Mitarbeiter einer Spezialfirma beim Aufbau des 600-Tonnen-Krans im Westhafen. ▪
Dann soll er den rund 400 Tonnen schweren Reservetransformator, der bislang am Gersteinwerk der RWE Power AG in Werne-Stockum lagerte, auf einen Ponton hieven.
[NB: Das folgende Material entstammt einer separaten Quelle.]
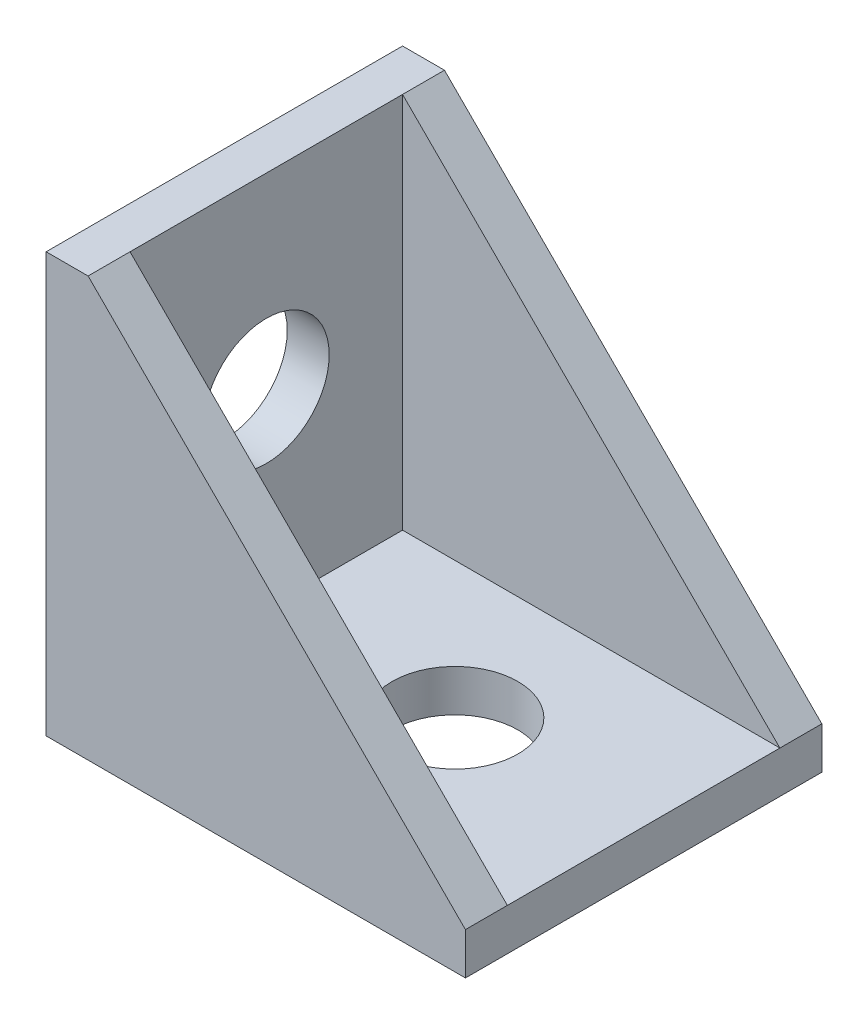
from build123d import *

# Parameters (mm, degrees)
RESSALTO_EXTRUS_O1_DEPTH = 17
ESBO_O2_W                = 18
ESBO_O2_H                = 13
CORTE_EXTRUS_O1_DEPTH    = 18
ESBO_O3_R                = 3
CORTE_EXTRUS_O2_DEPTH    = 2
ESBO_O4_R                = 3
CORTE_EXTRUS_O3_DEPTH    = 3


with BuildPart() as part:
    # Esboço1 → Ressalto-extrusão1 (new body)
    with BuildSketch(Plane.XY):
        Polygon((0, 0), (0, 20), (2, 20), (20, 2), (20, 0), align=None)
    extrude(amount=RESSALTO_EXTRUS_O1_DEPTH)

    # Esboço2 → Corte-extrusão1 (cut)
    with BuildSketch(Plane(origin=(0, 20, 0), x_dir=(1, 0, 0), z_dir=(0, 1, 0))):
        with Locations((11, -8.5)):
            Rectangle(ESBO_O2_W, ESBO_O2_H)
    extrude(amount=-CORTE_EXTRUS_O1_DEPTH, mode=Mode.SUBTRACT)

    # Esboço3 → Corte-extrusão2 (cut)
    with BuildSketch(Plane(origin=(2, 0, 0), x_dir=(0, 0, -1), z_dir=(1, 0, 0))):
        with Locations((-8.5, 11)):
            Circle(ESBO_O3_R)
    extrude(amount=-CORTE_EXTRUS_O2_DEPTH, mode=Mode.SUBTRACT)

    # Esboço4 → Corte-extrusão3 (cut, through all)
    with BuildSketch(Plane(origin=(0, 2, 0), x_dir=(1, 0, 0), z_dir=(0, 1, 0))):
        with Locations((11, -8.5)):
            Circle(ESBO_O4_R)
    extrude(amount=-CORTE_EXTRUS_O3_DEPTH, mode=Mode.SUBTRACT)


solid = part.part

Von Hamm geht‘s dann weiter zum Gemeinschaftskraftwerk der RWE Power AG und der Evonik Steag GmbH nach Bergkamen-Heil.
Dort war am 14. Juli ein Blitz in die Hochspannungsleitung eingeschlagen und hatte den Maschinentransformator beschädigt. Seitdem steht das Kraftwerk still. „Ohne den Transformator kommt der Strom nicht ins Netz, denn dieses Gerät ist dazu da, den im Kraftwerk erzeugten Strom auf die Spannung des normalen Stromnetzes zu bringen“, hieß es beim Unternehmen.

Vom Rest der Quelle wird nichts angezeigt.